[Collected data]
Content starts

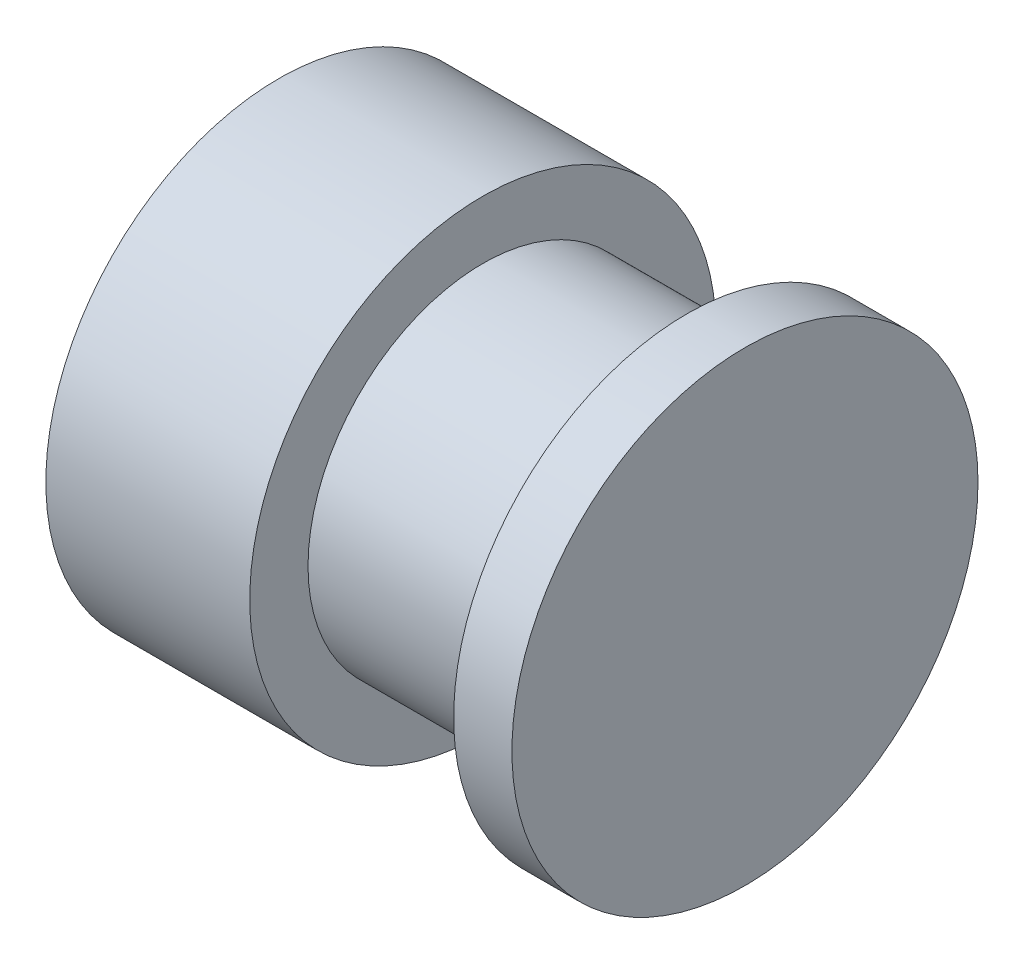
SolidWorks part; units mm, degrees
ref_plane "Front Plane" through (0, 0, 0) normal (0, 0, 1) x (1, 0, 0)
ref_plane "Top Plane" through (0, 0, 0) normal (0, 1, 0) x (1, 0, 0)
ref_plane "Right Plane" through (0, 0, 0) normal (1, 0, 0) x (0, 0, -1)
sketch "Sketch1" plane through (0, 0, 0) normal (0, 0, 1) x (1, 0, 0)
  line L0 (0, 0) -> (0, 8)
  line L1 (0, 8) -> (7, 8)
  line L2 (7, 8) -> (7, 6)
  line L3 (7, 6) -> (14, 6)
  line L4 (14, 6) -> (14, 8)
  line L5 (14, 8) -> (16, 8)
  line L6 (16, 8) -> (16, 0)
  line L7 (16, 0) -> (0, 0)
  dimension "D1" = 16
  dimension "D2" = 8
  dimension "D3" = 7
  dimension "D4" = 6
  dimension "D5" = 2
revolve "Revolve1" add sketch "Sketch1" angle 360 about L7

Content ends

Give the data again word for word, without pictures.

SolidWorks part; units mm, degrees
ref_plane "Front Plane" through (0, 0, 0) normal (0, 0, 1) x (1, 0, 0)
ref_plane "Top Plane" through (0, 0, 0) normal (0, 1, 0) x (1, 0, 0)
ref_plane "Right Plane" through (0, 0, 0) normal (1, 0, 0) x (0, 0, -1)
sketch "Sketch1" plane through (0, 0, 0) normal (0, 0, 1) x (1, 0, 0)
  line L0 (0, 0) -> (0, 8)
  line L1 (0, 8) -> (7, 8)
  line L2 (7, 8) -> (7, 6)
  line L3 (7, 6) -> (14, 6)
  line L4 (14, 6) -> (14, 8)
  line L5 (14, 8) -> (16, 8)
  line L6 (16, 8) -> (16, 0)
  line L7 (16, 0) -> (0, 0)
  dimension "D1" = 16
  dimension "D2" = 8
  dimension "D3" = 7
  dimension "D4" = 6
  dimension "D5" = 2
revolve "Revolve1" add sketch "Sketch1" angle 360 about L7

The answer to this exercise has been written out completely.